(Items from a data source)
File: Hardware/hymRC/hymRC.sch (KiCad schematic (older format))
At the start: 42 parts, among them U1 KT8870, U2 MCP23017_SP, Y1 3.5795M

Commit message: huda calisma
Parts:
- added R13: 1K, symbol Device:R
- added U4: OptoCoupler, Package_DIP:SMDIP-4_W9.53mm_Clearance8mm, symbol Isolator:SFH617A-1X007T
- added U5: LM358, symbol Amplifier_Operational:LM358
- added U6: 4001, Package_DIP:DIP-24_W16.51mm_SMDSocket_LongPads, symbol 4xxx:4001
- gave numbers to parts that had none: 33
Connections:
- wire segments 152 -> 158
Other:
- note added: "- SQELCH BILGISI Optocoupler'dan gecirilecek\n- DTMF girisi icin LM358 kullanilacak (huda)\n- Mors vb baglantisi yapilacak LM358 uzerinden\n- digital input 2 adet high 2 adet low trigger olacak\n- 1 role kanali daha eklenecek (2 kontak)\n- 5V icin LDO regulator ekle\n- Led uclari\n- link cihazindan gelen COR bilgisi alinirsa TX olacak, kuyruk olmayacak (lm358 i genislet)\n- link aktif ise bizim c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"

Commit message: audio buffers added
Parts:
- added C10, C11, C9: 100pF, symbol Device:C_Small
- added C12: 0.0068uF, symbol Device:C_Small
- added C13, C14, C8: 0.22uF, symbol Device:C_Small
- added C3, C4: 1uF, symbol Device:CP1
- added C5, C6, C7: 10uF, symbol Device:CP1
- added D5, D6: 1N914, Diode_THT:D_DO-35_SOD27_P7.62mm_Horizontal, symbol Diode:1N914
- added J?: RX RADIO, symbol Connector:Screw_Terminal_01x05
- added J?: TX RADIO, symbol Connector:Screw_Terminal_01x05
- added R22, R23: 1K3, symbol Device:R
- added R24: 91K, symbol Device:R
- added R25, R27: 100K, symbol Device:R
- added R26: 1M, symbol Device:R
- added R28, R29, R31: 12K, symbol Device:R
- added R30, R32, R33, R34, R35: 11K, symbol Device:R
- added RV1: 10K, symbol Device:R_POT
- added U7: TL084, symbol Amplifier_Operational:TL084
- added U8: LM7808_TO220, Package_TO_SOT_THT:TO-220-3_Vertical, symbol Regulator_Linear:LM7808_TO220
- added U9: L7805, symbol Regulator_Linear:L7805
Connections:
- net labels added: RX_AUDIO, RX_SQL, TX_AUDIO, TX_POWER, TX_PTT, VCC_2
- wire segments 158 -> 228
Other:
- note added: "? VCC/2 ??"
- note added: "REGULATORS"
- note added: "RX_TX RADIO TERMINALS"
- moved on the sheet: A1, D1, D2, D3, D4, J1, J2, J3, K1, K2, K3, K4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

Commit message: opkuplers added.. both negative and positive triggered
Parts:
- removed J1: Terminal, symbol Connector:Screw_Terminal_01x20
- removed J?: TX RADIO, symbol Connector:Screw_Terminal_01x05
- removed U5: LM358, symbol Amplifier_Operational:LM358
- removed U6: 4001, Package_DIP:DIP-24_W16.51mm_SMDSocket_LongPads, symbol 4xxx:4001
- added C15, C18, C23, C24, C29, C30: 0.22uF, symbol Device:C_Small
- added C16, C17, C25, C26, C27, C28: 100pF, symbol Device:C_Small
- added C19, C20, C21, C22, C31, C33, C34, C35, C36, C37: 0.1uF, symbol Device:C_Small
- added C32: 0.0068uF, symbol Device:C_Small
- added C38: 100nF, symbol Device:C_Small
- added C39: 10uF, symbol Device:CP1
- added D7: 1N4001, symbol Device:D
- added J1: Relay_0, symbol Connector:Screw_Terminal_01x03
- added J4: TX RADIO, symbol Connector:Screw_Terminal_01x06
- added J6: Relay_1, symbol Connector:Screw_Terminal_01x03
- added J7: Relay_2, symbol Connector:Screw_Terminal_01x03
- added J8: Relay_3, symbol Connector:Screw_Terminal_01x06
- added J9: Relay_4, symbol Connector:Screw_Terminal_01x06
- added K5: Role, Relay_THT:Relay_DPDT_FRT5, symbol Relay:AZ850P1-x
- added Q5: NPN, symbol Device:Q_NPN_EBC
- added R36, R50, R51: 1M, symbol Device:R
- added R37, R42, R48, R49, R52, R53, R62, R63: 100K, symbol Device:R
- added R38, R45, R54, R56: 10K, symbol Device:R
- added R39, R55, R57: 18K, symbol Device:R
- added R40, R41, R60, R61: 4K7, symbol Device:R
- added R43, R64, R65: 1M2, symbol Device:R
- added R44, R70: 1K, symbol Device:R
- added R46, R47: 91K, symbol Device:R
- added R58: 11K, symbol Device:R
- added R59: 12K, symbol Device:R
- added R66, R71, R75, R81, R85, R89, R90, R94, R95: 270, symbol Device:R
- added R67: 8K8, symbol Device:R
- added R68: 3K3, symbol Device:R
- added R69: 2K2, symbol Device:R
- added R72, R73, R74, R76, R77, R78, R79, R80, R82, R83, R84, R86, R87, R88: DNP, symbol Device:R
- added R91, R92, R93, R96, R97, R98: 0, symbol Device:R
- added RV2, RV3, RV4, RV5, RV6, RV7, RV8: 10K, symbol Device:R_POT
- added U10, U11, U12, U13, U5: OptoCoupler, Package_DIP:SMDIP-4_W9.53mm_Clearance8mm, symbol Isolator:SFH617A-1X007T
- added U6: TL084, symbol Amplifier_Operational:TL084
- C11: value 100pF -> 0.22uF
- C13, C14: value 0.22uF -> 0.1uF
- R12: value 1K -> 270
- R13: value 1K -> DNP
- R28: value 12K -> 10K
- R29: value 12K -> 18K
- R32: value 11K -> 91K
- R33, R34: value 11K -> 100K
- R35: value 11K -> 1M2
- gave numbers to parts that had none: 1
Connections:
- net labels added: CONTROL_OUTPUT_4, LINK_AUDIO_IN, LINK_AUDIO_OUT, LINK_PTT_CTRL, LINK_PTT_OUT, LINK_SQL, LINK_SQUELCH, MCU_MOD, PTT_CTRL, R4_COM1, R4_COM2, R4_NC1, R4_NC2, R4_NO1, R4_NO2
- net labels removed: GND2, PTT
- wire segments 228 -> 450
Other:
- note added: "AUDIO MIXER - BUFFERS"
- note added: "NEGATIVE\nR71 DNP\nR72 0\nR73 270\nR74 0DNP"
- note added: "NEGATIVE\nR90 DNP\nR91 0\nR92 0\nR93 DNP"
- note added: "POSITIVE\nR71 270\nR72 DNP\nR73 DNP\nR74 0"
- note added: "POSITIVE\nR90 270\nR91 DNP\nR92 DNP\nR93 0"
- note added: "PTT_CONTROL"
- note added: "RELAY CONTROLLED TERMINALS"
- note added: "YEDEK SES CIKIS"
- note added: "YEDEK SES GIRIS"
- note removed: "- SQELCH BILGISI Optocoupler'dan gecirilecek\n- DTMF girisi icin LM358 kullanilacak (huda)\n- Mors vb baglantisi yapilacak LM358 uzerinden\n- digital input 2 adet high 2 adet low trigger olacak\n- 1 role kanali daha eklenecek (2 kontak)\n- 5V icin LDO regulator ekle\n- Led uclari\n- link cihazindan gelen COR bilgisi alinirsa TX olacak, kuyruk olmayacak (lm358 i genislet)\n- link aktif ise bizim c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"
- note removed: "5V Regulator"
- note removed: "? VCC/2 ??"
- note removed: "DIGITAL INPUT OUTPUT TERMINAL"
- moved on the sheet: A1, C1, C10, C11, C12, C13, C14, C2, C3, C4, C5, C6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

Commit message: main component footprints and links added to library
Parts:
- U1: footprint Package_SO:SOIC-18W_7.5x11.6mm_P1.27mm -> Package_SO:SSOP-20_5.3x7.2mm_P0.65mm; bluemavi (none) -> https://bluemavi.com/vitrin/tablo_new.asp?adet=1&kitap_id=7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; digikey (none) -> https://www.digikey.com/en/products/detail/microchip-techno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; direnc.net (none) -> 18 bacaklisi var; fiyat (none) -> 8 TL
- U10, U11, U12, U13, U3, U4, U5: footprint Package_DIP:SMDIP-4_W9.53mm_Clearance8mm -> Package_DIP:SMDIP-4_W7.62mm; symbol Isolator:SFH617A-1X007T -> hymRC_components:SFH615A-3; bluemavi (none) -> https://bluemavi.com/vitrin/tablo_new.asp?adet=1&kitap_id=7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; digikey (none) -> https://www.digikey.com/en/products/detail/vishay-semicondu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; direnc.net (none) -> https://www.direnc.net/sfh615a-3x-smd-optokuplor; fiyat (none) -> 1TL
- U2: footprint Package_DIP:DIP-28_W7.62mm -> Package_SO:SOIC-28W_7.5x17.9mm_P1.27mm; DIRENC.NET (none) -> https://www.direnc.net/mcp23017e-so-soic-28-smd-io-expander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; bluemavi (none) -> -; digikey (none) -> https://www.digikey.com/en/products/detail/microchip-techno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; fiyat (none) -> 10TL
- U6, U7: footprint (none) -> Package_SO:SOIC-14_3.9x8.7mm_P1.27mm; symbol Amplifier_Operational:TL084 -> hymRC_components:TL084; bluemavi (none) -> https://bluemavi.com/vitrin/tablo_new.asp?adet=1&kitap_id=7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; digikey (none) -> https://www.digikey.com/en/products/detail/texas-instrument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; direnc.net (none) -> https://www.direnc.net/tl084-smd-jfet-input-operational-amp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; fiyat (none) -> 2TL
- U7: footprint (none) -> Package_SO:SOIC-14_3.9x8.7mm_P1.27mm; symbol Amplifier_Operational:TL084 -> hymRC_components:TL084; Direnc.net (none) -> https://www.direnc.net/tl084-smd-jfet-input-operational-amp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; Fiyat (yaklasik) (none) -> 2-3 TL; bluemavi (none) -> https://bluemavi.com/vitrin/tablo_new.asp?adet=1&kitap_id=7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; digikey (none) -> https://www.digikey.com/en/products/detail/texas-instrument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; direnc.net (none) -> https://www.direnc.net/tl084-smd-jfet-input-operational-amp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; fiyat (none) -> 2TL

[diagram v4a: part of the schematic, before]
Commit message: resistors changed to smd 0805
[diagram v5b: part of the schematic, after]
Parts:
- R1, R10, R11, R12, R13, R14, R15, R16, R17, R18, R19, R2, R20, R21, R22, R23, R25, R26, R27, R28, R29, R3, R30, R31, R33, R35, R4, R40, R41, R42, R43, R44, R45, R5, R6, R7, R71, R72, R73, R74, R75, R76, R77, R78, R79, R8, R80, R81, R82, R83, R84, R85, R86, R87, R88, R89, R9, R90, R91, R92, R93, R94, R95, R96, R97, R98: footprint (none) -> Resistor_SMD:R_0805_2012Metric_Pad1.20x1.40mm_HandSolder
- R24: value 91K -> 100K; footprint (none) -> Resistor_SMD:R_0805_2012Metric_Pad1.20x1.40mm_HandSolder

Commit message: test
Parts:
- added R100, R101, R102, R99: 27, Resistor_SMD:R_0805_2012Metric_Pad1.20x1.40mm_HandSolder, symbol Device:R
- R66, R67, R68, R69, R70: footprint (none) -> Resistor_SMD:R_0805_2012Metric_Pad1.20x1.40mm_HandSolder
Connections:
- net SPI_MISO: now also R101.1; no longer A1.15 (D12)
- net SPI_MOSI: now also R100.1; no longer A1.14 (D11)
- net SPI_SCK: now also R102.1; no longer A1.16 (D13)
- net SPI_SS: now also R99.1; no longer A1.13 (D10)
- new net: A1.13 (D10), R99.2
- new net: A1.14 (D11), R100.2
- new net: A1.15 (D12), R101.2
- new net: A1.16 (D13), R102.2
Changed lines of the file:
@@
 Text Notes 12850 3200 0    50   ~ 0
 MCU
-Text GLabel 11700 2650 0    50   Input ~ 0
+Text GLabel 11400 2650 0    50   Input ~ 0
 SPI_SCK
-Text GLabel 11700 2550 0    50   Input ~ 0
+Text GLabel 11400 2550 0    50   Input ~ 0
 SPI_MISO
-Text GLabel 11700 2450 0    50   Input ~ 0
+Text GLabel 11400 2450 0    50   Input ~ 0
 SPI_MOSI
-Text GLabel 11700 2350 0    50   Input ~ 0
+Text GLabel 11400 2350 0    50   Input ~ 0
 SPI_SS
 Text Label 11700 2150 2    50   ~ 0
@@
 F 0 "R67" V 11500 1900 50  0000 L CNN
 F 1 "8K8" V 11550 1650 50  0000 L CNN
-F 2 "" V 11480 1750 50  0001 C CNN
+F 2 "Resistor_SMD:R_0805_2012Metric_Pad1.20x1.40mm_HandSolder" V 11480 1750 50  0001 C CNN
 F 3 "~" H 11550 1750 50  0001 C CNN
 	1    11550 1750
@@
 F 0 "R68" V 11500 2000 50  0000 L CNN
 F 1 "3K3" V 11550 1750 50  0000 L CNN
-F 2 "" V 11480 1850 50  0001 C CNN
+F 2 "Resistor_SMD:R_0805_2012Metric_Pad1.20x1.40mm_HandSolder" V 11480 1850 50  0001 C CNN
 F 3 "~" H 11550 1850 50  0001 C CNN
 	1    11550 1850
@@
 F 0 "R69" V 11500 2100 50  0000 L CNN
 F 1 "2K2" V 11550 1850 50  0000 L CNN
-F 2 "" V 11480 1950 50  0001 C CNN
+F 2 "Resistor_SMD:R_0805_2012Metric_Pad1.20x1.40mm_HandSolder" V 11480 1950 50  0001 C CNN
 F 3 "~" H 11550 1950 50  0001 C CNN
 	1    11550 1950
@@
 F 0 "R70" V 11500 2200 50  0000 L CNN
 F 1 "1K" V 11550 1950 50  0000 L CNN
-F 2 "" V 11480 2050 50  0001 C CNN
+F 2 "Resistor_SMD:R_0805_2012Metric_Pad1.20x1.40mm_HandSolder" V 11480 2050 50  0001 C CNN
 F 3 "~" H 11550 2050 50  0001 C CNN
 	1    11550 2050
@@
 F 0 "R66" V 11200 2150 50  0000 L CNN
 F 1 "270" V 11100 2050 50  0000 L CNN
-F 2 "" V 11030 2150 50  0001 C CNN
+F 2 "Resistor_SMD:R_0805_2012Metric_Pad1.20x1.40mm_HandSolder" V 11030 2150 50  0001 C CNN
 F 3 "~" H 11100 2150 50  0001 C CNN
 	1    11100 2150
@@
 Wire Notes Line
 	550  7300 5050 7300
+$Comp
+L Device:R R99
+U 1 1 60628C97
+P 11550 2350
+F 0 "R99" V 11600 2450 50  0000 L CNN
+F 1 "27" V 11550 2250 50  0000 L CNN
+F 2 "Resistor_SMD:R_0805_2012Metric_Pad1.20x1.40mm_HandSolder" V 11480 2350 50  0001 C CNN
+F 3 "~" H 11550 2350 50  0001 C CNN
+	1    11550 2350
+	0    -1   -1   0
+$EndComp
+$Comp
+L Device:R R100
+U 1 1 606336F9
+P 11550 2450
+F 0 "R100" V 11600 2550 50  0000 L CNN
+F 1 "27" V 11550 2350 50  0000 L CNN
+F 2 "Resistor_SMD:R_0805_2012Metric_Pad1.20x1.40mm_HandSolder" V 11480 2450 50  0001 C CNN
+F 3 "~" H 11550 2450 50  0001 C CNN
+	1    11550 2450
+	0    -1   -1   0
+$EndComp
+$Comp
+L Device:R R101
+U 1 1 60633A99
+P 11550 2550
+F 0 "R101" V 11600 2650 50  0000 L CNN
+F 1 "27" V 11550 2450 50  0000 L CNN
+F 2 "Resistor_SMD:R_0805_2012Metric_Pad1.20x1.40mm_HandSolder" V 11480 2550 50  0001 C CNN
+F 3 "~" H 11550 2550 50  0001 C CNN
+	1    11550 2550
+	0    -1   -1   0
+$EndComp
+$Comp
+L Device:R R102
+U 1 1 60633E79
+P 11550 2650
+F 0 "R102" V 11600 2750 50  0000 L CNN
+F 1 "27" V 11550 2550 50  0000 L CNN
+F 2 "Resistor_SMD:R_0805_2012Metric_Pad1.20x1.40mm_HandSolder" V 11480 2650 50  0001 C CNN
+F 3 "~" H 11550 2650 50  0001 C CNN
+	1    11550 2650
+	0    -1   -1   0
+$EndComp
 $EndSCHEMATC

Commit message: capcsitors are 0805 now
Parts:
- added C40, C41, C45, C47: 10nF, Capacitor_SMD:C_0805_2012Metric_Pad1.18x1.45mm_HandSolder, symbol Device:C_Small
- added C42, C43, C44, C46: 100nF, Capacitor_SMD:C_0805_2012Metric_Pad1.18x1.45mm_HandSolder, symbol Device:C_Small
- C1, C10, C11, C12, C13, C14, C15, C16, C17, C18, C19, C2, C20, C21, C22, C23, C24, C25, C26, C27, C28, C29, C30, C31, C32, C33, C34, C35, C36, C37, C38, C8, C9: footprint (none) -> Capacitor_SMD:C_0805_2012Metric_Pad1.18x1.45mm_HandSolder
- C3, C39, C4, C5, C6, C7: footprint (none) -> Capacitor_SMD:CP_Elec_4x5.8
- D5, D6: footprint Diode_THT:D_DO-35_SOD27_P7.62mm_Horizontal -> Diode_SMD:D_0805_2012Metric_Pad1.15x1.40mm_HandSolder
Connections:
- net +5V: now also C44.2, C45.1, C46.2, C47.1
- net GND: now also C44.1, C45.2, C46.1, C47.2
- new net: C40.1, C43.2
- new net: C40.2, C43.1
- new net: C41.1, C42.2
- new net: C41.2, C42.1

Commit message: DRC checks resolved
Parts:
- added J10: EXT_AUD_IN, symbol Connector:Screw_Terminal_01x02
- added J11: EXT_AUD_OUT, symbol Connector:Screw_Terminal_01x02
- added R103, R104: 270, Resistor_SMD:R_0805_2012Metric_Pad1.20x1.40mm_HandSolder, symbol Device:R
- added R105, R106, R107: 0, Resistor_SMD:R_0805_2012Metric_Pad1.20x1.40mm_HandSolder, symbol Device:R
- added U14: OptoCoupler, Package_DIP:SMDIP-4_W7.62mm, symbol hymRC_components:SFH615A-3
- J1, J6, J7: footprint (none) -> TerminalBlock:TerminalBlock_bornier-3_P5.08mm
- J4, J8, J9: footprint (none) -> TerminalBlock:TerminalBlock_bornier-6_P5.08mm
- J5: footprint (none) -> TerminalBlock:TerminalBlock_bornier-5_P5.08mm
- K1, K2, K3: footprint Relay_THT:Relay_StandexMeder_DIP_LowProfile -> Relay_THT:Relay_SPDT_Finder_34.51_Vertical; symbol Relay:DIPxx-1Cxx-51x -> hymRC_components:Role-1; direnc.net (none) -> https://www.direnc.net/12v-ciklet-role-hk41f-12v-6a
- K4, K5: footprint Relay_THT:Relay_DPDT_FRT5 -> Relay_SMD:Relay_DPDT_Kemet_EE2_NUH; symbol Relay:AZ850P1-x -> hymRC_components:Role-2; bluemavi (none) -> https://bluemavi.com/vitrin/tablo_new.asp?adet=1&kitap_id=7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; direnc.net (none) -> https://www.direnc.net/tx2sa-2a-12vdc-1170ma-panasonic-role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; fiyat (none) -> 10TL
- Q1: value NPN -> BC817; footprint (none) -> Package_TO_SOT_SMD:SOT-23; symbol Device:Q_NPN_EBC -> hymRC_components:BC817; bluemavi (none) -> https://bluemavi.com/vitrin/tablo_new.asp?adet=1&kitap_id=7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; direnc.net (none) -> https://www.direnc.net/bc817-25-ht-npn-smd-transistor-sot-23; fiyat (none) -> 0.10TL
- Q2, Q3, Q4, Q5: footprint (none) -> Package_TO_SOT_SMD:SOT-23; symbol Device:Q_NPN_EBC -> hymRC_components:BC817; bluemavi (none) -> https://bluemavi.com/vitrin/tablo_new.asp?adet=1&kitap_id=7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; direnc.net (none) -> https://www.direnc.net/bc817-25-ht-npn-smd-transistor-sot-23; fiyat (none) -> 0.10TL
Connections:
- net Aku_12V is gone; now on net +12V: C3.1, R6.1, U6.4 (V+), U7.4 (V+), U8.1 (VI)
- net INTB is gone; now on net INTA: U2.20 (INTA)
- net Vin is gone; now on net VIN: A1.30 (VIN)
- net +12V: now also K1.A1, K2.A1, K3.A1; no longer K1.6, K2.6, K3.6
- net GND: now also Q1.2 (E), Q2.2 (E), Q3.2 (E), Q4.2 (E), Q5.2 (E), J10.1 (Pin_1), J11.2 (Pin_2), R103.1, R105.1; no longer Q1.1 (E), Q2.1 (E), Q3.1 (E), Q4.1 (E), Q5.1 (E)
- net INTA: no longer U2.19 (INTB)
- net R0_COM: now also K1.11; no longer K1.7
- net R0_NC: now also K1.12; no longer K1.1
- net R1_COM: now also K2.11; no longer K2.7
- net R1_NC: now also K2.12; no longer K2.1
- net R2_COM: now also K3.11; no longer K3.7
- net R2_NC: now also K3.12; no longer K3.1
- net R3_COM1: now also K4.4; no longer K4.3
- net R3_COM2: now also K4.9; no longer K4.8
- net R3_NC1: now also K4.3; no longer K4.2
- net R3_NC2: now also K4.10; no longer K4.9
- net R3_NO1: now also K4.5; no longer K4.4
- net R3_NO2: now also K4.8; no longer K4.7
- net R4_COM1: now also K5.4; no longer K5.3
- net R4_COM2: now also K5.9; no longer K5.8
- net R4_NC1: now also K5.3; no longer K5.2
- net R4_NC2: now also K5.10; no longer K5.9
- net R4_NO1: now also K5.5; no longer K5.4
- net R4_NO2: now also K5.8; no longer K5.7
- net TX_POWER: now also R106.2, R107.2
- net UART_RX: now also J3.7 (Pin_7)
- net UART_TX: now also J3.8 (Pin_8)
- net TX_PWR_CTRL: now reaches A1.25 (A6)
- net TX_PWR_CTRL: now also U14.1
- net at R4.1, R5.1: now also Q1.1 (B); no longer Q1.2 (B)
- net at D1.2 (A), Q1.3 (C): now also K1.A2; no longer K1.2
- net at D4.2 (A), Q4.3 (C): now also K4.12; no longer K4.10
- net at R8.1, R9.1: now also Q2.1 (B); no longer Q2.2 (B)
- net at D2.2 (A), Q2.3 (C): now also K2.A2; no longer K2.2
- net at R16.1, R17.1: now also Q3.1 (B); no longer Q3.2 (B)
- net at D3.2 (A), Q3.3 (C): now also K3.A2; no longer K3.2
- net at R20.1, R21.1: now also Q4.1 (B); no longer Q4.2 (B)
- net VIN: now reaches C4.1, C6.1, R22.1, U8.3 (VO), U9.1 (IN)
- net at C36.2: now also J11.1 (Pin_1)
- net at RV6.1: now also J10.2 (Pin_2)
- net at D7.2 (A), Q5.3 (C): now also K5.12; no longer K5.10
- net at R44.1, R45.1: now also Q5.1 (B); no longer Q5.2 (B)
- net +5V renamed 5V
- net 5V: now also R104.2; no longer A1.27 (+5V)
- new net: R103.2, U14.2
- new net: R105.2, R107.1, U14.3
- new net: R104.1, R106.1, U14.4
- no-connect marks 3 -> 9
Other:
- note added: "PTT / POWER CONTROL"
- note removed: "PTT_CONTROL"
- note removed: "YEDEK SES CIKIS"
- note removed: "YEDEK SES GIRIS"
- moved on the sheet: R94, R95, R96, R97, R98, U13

## WHAT TO WORK ON:
Restate, word for word and with nothing added, the lines from the beginning of the records above through the line that contains "- added C10, C11, C9: 100pF, symbol".

## EXERCISE SOLUTION:
File: Hardware/hymRC/hymRC.sch (KiCad schematic (older format))
At the start: 42 parts, among them U1 KT8870, U2 MCP23017_SP, Y1 3.5795M

Commit message: huda calisma
Parts:
- added R13: 1K, symbol Device:R
- added U4: OptoCoupler, Package_DIP:SMDIP-4_W9.53mm_Clearance8mm, symbol Isolator:SFH617A-1X007T
- added U5: LM358, symbol Amplifier_Operational:LM358
- added U6: 4001, Package_DIP:DIP-24_W16.51mm_SMDSocket_LongPads, symbol 4xxx:4001
- gave numbers to parts that had none: 33
Connections:
- wire segments 152 -> 158
Other:
- note added: "- SQELCH BILGISI Optocoupler'dan gecirilecek\n- DTMF girisi icin LM358 kullanilacak (huda)\n- Mors vb baglantisi yapilacak LM358 uzerinden\n- digital input 2 adet high 2 adet low trigger olacak\n- 1 role kanali daha eklenecek (2 kontak)\n- 5V icin LDO regulator ekle\n- Led uclari\n- link cihazindan gelen COR bilgisi alinirsa TX olacak, kuyruk olmayacak (lm358 i genislet)\n- link aktif ise bizim c"

Commit message: audio buffers added
Parts:
- added C10, C11, C9: 100pF, symbol Device:C_Small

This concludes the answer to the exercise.